### Records for the task
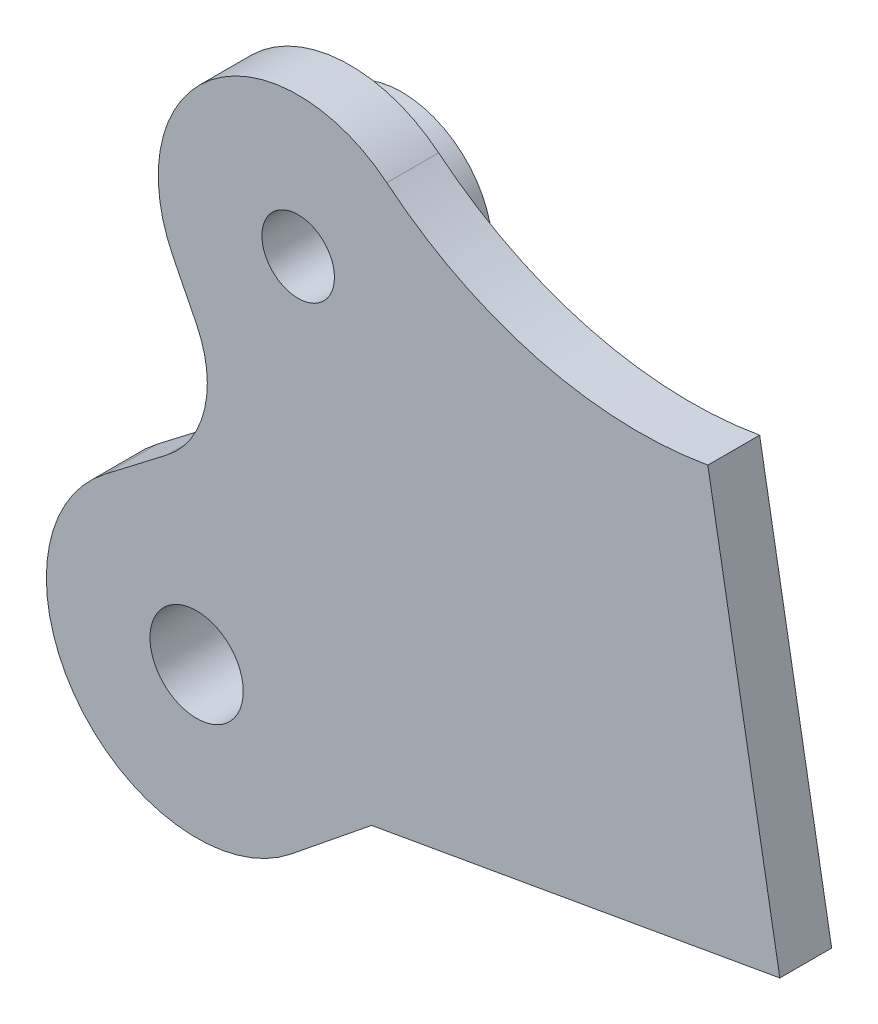
ISO-10303-21;
HEADER;
FILE_DESCRIPTION(('STEP AP214'),'2;1');
FILE_NAME('part.step','',(''),(''),'','','');
FILE_SCHEMA(('AUTOMOTIVE_DESIGN { 1 0 10303 214 1 1 1 1 }'));
ENDSEC;
DATA;
#1=APPLICATION_CONTEXT('core data for automotive mechanical design processes');
#2=APPLICATION_PROTOCOL_DEFINITION('international standard','automotive_design',2000,#1);
#3=PRODUCT_CONTEXT('',#1,'mechanical');
#4=PRODUCT('Part','Part','',(#3));
#5=PRODUCT_RELATED_PRODUCT_CATEGORY('part','',(#4));
#6=PRODUCT_DEFINITION_FORMATION('','',#4);
#7=PRODUCT_DEFINITION_CONTEXT('part definition',#1,'design');
#8=PRODUCT_DEFINITION('design','',#6,#7);
#9=PRODUCT_DEFINITION_SHAPE('','',#8);
#10=(LENGTH_UNIT() NAMED_UNIT(*) SI_UNIT(.MILLI.,.METRE.));
#11=(NAMED_UNIT(*) PLANE_ANGLE_UNIT() SI_UNIT($,.RADIAN.));
#12=(NAMED_UNIT(*) SI_UNIT($,.STERADIAN.) SOLID_ANGLE_UNIT());
#13=UNCERTAINTY_MEASURE_WITH_UNIT(LENGTH_MEASURE(1.E-05),#10,'distance_accuracy_value','');
#14=(GEOMETRIC_REPRESENTATION_CONTEXT(3) GLOBAL_UNCERTAINTY_ASSIGNED_CONTEXT((#13)) GLOBAL_UNIT_ASSIGNED_CONTEXT((#10,
#11,#12)) REPRESENTATION_CONTEXT('',''));
#15=CARTESIAN_POINT('',(0.,0.,0.));
#16=DIRECTION('',(0.,0.,1.));
#17=DIRECTION('',(1.,0.,0.));
#18=AXIS2_PLACEMENT_3D('',#15,#16,#17);
#19=CARTESIAN_POINT('',(0.,0.,-5.));
#20=DIRECTION('',(0.,0.,1.));
#21=DIRECTION('',(1.,0.,0.));
#22=AXIS2_PLACEMENT_3D('',#19,#20,#21);
#23=PLANE('',#22);
#24=CARTESIAN_POINT('',(0.,0.,-5.));
#25=DIRECTION('',(0.,0.,1.));
#26=DIRECTION('',(1.,0.,0.));
#27=AXIS2_PLACEMENT_3D('',#24,#25,#26);
#28=CIRCLE('',#27,8.75);
#29=CARTESIAN_POINT('',(8.75,0.,-5.));
#30=VERTEX_POINT('',#29);
#31=EDGE_CURVE('E40',#30,#30,#28,.F.);
#32=ORIENTED_EDGE('',*,*,#31,.F.);
#33=EDGE_LOOP('',(#32));
#34=FACE_BOUND('',#33,.T.);
#35=CARTESIAN_POINT('',(0.,0.,-5.));
#36=DIRECTION('',(0.,0.,1.));
#37=DIRECTION('',(1.,0.,0.));
#38=AXIS2_PLACEMENT_3D('',#35,#36,#37);
#39=CIRCLE('',#38,13.5);
#40=CARTESIAN_POINT('',(8.55471029514315,10.4435114672304,-5.));
#41=VERTEX_POINT('',#40);
#42=CARTESIAN_POINT('',(-12.0688625539661,-6.04917818000722,-5.));
#43=VERTEX_POINT('',#42);
#44=EDGE_CURVE('E162',#41,#43,#39,.T.);
#45=ORIENTED_EDGE('',*,*,#44,.F.);
#46=CARTESIAN_POINT('',(32.8720415648223,40.1298853134043,-5.));
#47=DIRECTION('',(0.,0.,-1.));
#48=DIRECTION('',(1.,0.,0.));
#49=AXIS2_PLACEMENT_3D('',#46,#47,#48);
#50=CIRCLE('',#49,38.3746451737878);
#51=CARTESIAN_POINT('',(39.5357287678656,2.33823722716558,-5.));
#52=VERTEX_POINT('',#51);
#53=EDGE_CURVE('E127',#52,#41,#50,.T.);
#54=ORIENTED_EDGE('',*,*,#53,.F.);
#55=DIRECTION('',(-0.173648177666932,0.984807753012208,0.));
#56=VECTOR('',#55,1.);
#57=CARTESIAN_POINT('',(46.4816558745429,-37.0540728933227,-5.));
#58=LINE('',#57,#56);
#59=CARTESIAN_POINT('',(46.4816558745429,-37.0540728933227,-5.));
#60=VERTEX_POINT('',#59);
#61=EDGE_CURVE('E112',#60,#52,#58,.T.);
#62=ORIENTED_EDGE('',*,*,#61,.F.);
#63=DIRECTION('',(0.984807753012208,0.173648177666931,0.));
#64=VECTOR('',#63,1.);
#65=CARTESIAN_POINT('',(7.08934575405454,-44.,-5.));
#66=LINE('',#65,#64);
#67=CARTESIAN_POINT('',(7.08934575405454,-44.,-5.));
#68=VERTEX_POINT('',#67);
#69=EDGE_CURVE('E125',#68,#60,#66,.T.);
#70=ORIENTED_EDGE('',*,*,#69,.F.);
#71=DIRECTION('',(0.778061104079115,0.628188600914716,0.));
#72=VECTOR('',#71,1.);
#73=CARTESIAN_POINT('',(-0.691265286736606,-50.2818860091472,-5.));
#74=LINE('',#73,#72);
#75=CARTESIAN_POINT('',(-0.691265286736614,-50.2818860091472,-5.));
#76=VERTEX_POINT('',#75);
#77=EDGE_CURVE('E130',#76,#68,#74,.T.);
#78=ORIENTED_EDGE('',*,*,#77,.F.);
#79=CARTESIAN_POINT('',(-9.79999999999999,-39.,-5.));
#80=DIRECTION('',(0.,0.,1.));
#81=DIRECTION('',(1.,0.,0.));
#82=AXIS2_PLACEMENT_3D('',#79,#80,#81);
#83=CIRCLE('',#82,14.5);
#84=CARTESIAN_POINT('',(-18.6271176616217,-27.4964356050881,-5.));
#85=VERTEX_POINT('',#84);
#86=EDGE_CURVE('E132',#85,#76,#83,.T.);
#87=ORIENTED_EDGE('',*,*,#86,.F.);
#88=DIRECTION('',(-0.793349268614616,-0.608766735284258,0.));
#89=VECTOR('',#88,1.);
#90=CARTESIAN_POINT('',(-12.6806570262809,-22.9334926861462,-5.));
#91=LINE('',#90,#89);
#92=CARTESIAN_POINT('',(-12.6806570262809,-22.9334926861462,-5.));
#93=VERTEX_POINT('',#92);
#94=EDGE_CURVE('E229',#93,#85,#91,.T.);
#95=ORIENTED_EDGE('',*,*,#94,.F.);
#96=CARTESIAN_POINT('',(-18.7683243791235,-15.,-5.));
#97=DIRECTION('',(0.,0.,-1.));
#98=DIRECTION('',(1.,0.,0.));
#99=AXIS2_PLACEMENT_3D('',#96,#97,#98);
#100=CIRCLE('',#99,10.);
#101=CARTESIAN_POINT('',(-9.82842619100044,-10.5191272740687,-5.));
#102=VERTEX_POINT('',#101);
#103=EDGE_CURVE('E222',#102,#93,#100,.T.);
#104=ORIENTED_EDGE('',*,*,#103,.F.);
#105=DIRECTION('',(0.448087272593127,-0.893989818812302,0.));
#106=VECTOR('',#105,1.);
#107=CARTESIAN_POINT('',(-12.0688625539661,-6.04917818000722,-5.));
#108=LINE('',#107,#106);
#109=EDGE_CURVE('E220',#43,#102,#108,.T.);
#110=ORIENTED_EDGE('',*,*,#109,.F.);
#111=EDGE_LOOP('',(#45,#54,#62,#70,#78,#87,#95,#104,#110));
#112=FACE_BOUND('',#111,.T.);
#113=CARTESIAN_POINT('',(-9.79999999999999,-39.,-5.));
#114=DIRECTION('',(0.,0.,1.));
#115=DIRECTION('',(1.,0.,0.));
#116=AXIS2_PLACEMENT_3D('',#113,#114,#115);
#117=CIRCLE('',#116,8.75);
#118=CARTESIAN_POINT('',(-1.04999999999999,-39.,-5.));
#119=VERTEX_POINT('',#118);
#120=EDGE_CURVE('E11',#119,#119,#117,.F.);
#121=ORIENTED_EDGE('',*,*,#120,.F.);
#122=EDGE_LOOP('',(#121));
#123=FACE_BOUND('',#122,.T.);
#124=ADVANCED_FACE('F31',(#34,#112,#123),#23,.F.);
#125=CARTESIAN_POINT('',(0.,0.,-5.));
#126=DIRECTION('',(0.,0.,1.));
#127=DIRECTION('',(1.,0.,0.));
#128=AXIS2_PLACEMENT_3D('',#125,#126,#127);
#129=CYLINDRICAL_SURFACE('',#128,13.5);
#130=CARTESIAN_POINT('',(0.,0.,0.));
#131=DIRECTION('',(0.,0.,1.));
#132=DIRECTION('',(1.,0.,0.));
#133=AXIS2_PLACEMENT_3D('',#130,#131,#132);
#134=CIRCLE('',#133,13.5);
#135=CARTESIAN_POINT('',(8.55471029514315,10.4435114672304,0.));
#136=VERTEX_POINT('',#135);
#137=CARTESIAN_POINT('',(-12.0688625539661,-6.04917818000722,0.));
#138=VERTEX_POINT('',#137);
#139=EDGE_CURVE('E137',#136,#138,#134,.T.);
#140=ORIENTED_EDGE('',*,*,#139,.F.);
#141=DIRECTION('',(0.,0.,1.));
#142=VECTOR('',#141,1.);
#143=CARTESIAN_POINT('',(8.55471029514315,10.4435114672304,-5.));
#144=LINE('',#143,#142);
#145=EDGE_CURVE('E48',#41,#136,#144,.T.);
#146=ORIENTED_EDGE('',*,*,#145,.F.);
#147=ORIENTED_EDGE('',*,*,#44,.T.);
#148=DIRECTION('',(0.,0.,1.));
#149=VECTOR('',#148,1.);
#150=CARTESIAN_POINT('',(-12.0688625539661,-6.04917818000722,-5.));
#151=LINE('',#150,#149);
#152=EDGE_CURVE('E92',#43,#138,#151,.T.);
#153=ORIENTED_EDGE('',*,*,#152,.T.);
#154=EDGE_LOOP('',(#140,#146,#147,#153));
#155=FACE_BOUND('',#154,.T.);
#156=ADVANCED_FACE('F33',(#155),#129,.T.);
#157=CARTESIAN_POINT('',(32.8720415648223,40.1298853134043,-5.));
#158=DIRECTION('',(0.,0.,1.));
#159=DIRECTION('',(1.,0.,0.));
#160=AXIS2_PLACEMENT_3D('',#157,#158,#159);
#161=CYLINDRICAL_SURFACE('',#160,38.3746451737878);
#162=CARTESIAN_POINT('',(32.8720415648223,40.1298853134043,0.));
#163=DIRECTION('',(0.,0.,-1.));
#164=DIRECTION('',(1.,0.,0.));
#165=AXIS2_PLACEMENT_3D('',#162,#163,#164);
#166=CIRCLE('',#165,38.3746451737878);
#167=CARTESIAN_POINT('',(39.5357287678656,2.33823722716558,0.));
#168=VERTEX_POINT('',#167);
#169=EDGE_CURVE('E159',#168,#136,#166,.T.);
#170=ORIENTED_EDGE('',*,*,#169,.F.);
#171=DIRECTION('',(0.,0.,1.));
#172=VECTOR('',#171,1.);
#173=CARTESIAN_POINT('',(39.5357287678656,2.33823722716558,-5.));
#174=LINE('',#173,#172);
#175=EDGE_CURVE('E80',#52,#168,#174,.T.);
#176=ORIENTED_EDGE('',*,*,#175,.F.);
#177=ORIENTED_EDGE('',*,*,#53,.T.);
#178=ORIENTED_EDGE('',*,*,#145,.T.);
#179=EDGE_LOOP('',(#170,#176,#177,#178));
#180=FACE_BOUND('',#179,.T.);
#181=ADVANCED_FACE('F184',(#180),#161,.F.);
#182=CARTESIAN_POINT('',(46.4816558745429,-37.0540728933227,-5.));
#183=DIRECTION('',(0.984807753012208,0.173648177666932,0.));
#184=DIRECTION('',(-0.173648177666932,0.984807753012208,0.));
#185=AXIS2_PLACEMENT_3D('',#182,#183,#184);
#186=PLANE('',#185);
#187=DIRECTION('',(-0.173648177666932,0.984807753012208,0.));
#188=VECTOR('',#187,1.);
#189=CARTESIAN_POINT('',(46.4816558745429,-37.0540728933227,0.));
#190=LINE('',#189,#188);
#191=CARTESIAN_POINT('',(46.4816558745429,-37.0540728933227,0.));
#192=VERTEX_POINT('',#191);
#193=EDGE_CURVE('E114',#192,#168,#190,.T.);
#194=ORIENTED_EDGE('',*,*,#193,.F.);
#195=DIRECTION('',(0.,0.,1.));
#196=VECTOR('',#195,1.);
#197=CARTESIAN_POINT('',(46.4816558745429,-37.0540728933227,-5.));
#198=LINE('',#197,#196);
#199=EDGE_CURVE('E109',#60,#192,#198,.T.);
#200=ORIENTED_EDGE('',*,*,#199,.F.);
#201=ORIENTED_EDGE('',*,*,#61,.T.);
#202=ORIENTED_EDGE('',*,*,#175,.T.);
#203=EDGE_LOOP('',(#194,#200,#201,#202));
#204=FACE_BOUND('',#203,.T.);
#205=ADVANCED_FACE('F111',(#204),#186,.T.);
#206=CARTESIAN_POINT('',(7.08934575405454,-44.,-5.));
#207=DIRECTION('',(0.173648177666931,-0.984807753012208,0.));
#208=DIRECTION('',(0.984807753012208,0.173648177666931,0.));
#209=AXIS2_PLACEMENT_3D('',#206,#207,#208);
#210=PLANE('',#209);
#211=DIRECTION('',(0.984807753012208,0.173648177666931,0.));
#212=VECTOR('',#211,1.);
#213=CARTESIAN_POINT('',(7.08934575405454,-44.,0.));
#214=LINE('',#213,#212);
#215=CARTESIAN_POINT('',(7.08934575405454,-44.,0.));
#216=VERTEX_POINT('',#215);
#217=EDGE_CURVE('E156',#216,#192,#214,.T.);
#218=ORIENTED_EDGE('',*,*,#217,.F.);
#219=DIRECTION('',(0.,0.,1.));
#220=VECTOR('',#219,1.);
#221=CARTESIAN_POINT('',(7.08934575405454,-44.,-5.));
#222=LINE('',#221,#220);
#223=EDGE_CURVE('E119',#68,#216,#222,.T.);
#224=ORIENTED_EDGE('',*,*,#223,.F.);
#225=ORIENTED_EDGE('',*,*,#69,.T.);
#226=ORIENTED_EDGE('',*,*,#199,.T.);
#227=EDGE_LOOP('',(#218,#224,#225,#226));
#228=FACE_BOUND('',#227,.T.);
#229=ADVANCED_FACE('F129',(#228),#210,.T.);
#230=CARTESIAN_POINT('',(-0.691265286736606,-50.2818860091472,-5.));
#231=DIRECTION('',(0.628188600914716,-0.778061104079115,0.));
#232=DIRECTION('',(0.778061104079115,0.628188600914716,0.));
#233=AXIS2_PLACEMENT_3D('',#230,#231,#232);
#234=PLANE('',#233);
#235=DIRECTION('',(0.778061104079115,0.628188600914716,0.));
#236=VECTOR('',#235,1.);
#237=CARTESIAN_POINT('',(-0.691265286736606,-50.2818860091472,0.));
#238=LINE('',#237,#236);
#239=CARTESIAN_POINT('',(-0.691265286736614,-50.2818860091472,0.));
#240=VERTEX_POINT('',#239);
#241=EDGE_CURVE('E153',#240,#216,#238,.T.);
#242=ORIENTED_EDGE('',*,*,#241,.F.);
#243=DIRECTION('',(0.,0.,1.));
#244=VECTOR('',#243,1.);
#245=CARTESIAN_POINT('',(-0.691265286736614,-50.2818860091472,-5.));
#246=LINE('',#245,#244);
#247=EDGE_CURVE('E166',#76,#240,#246,.T.);
#248=ORIENTED_EDGE('',*,*,#247,.F.);
#249=ORIENTED_EDGE('',*,*,#77,.T.);
#250=ORIENTED_EDGE('',*,*,#223,.T.);
#251=EDGE_LOOP('',(#242,#248,#249,#250));
#252=FACE_BOUND('',#251,.T.);
#253=ADVANCED_FACE('F200',(#252),#234,.T.);
#254=CARTESIAN_POINT('',(-9.79999999999999,-39.,-5.));
#255=DIRECTION('',(0.,0.,1.));
#256=DIRECTION('',(1.,0.,0.));
#257=AXIS2_PLACEMENT_3D('',#254,#255,#256);
#258=CYLINDRICAL_SURFACE('',#257,14.5);
#259=CARTESIAN_POINT('',(-9.79999999999999,-39.,0.));
#260=DIRECTION('',(0.,0.,1.));
#261=DIRECTION('',(1.,0.,0.));
#262=AXIS2_PLACEMENT_3D('',#259,#260,#261);
#263=CIRCLE('',#262,14.5);
#264=CARTESIAN_POINT('',(-18.6271176616217,-27.4964356050881,0.));
#265=VERTEX_POINT('',#264);
#266=EDGE_CURVE('E150',#265,#240,#263,.T.);
#267=ORIENTED_EDGE('',*,*,#266,.F.);
#268=DIRECTION('',(0.,0.,1.));
#269=VECTOR('',#268,1.);
#270=CARTESIAN_POINT('',(-18.6271176616217,-27.4964356050881,-5.));
#271=LINE('',#270,#269);
#272=EDGE_CURVE('E168',#85,#265,#271,.T.);
#273=ORIENTED_EDGE('',*,*,#272,.F.);
#274=ORIENTED_EDGE('',*,*,#86,.T.);
#275=ORIENTED_EDGE('',*,*,#247,.T.);
#276=EDGE_LOOP('',(#267,#273,#274,#275));
#277=FACE_BOUND('',#276,.T.);
#278=ADVANCED_FACE('F203',(#277),#258,.T.);
#279=CARTESIAN_POINT('',(-12.6806570262809,-22.9334926861462,-5.));
#280=DIRECTION('',(-0.608766735284258,0.793349268614616,0.));
#281=DIRECTION('',(-0.793349268614616,-0.608766735284258,0.));
#282=AXIS2_PLACEMENT_3D('',#279,#280,#281);
#283=PLANE('',#282);
#284=DIRECTION('',(-0.793349268614616,-0.608766735284258,0.));
#285=VECTOR('',#284,1.);
#286=CARTESIAN_POINT('',(-12.6806570262809,-22.9334926861462,0.));
#287=LINE('',#286,#285);
#288=CARTESIAN_POINT('',(-12.6806570262809,-22.9334926861462,0.));
#289=VERTEX_POINT('',#288);
#290=EDGE_CURVE('E147',#289,#265,#287,.T.);
#291=ORIENTED_EDGE('',*,*,#290,.F.);
#292=DIRECTION('',(0.,0.,1.));
#293=VECTOR('',#292,1.);
#294=CARTESIAN_POINT('',(-12.6806570262809,-22.9334926861462,-5.));
#295=LINE('',#294,#293);
#296=EDGE_CURVE('E170',#93,#289,#295,.T.);
#297=ORIENTED_EDGE('',*,*,#296,.F.);
#298=ORIENTED_EDGE('',*,*,#94,.T.);
#299=ORIENTED_EDGE('',*,*,#272,.T.);
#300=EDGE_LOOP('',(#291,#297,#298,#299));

### What you will do
Each line from the first line of the listing through the line with "#19=CARTESIAN_POINT('',(0.,0.,-5.));" must be printed exactly, both ends included, and no picture may appear.

### Response below
ISO-10303-21;
HEADER;
FILE_DESCRIPTION(('STEP AP214'),'2;1');
FILE_NAME('part.step','',(''),(''),'','','');
FILE_SCHEMA(('AUTOMOTIVE_DESIGN { 1 0 10303 214 1 1 1 1 }'));
ENDSEC;
DATA;
#1=APPLICATION_CONTEXT('core data for automotive mechanical design processes');
#2=APPLICATION_PROTOCOL_DEFINITION('international standard','automotive_design',2000,#1);
#3=PRODUCT_CONTEXT('',#1,'mechanical');
#4=PRODUCT('Part','Part','',(#3));
#5=PRODUCT_RELATED_PRODUCT_CATEGORY('part','',(#4));
#6=PRODUCT_DEFINITION_FORMATION('','',#4);
#7=PRODUCT_DEFINITION_CONTEXT('part definition',#1,'design');
#8=PRODUCT_DEFINITION('design','',#6,#7);
#9=PRODUCT_DEFINITION_SHAPE('','',#8);
#10=(LENGTH_UNIT() NAMED_UNIT(*) SI_UNIT(.MILLI.,.METRE.));
#11=(NAMED_UNIT(*) PLANE_ANGLE_UNIT() SI_UNIT($,.RADIAN.));
#12=(NAMED_UNIT(*) SI_UNIT($,.STERADIAN.) SOLID_ANGLE_UNIT());
#13=UNCERTAINTY_MEASURE_WITH_UNIT(LENGTH_MEASURE(1.E-05),#10,'distance_accuracy_value','');
#14=(GEOMETRIC_REPRESENTATION_CONTEXT(3) GLOBAL_UNCERTAINTY_ASSIGNED_CONTEXT((#13)) GLOBAL_UNIT_ASSIGNED_CONTEXT((#10,
#11,#12)) REPRESENTATION_CONTEXT('',''));
#15=CARTESIAN_POINT('',(0.,0.,0.));
#16=DIRECTION('',(0.,0.,1.));
#17=DIRECTION('',(1.,0.,0.));
#18=AXIS2_PLACEMENT_3D('',#15,#16,#17);
#19=CARTESIAN_POINT('',(0.,0.,-5.));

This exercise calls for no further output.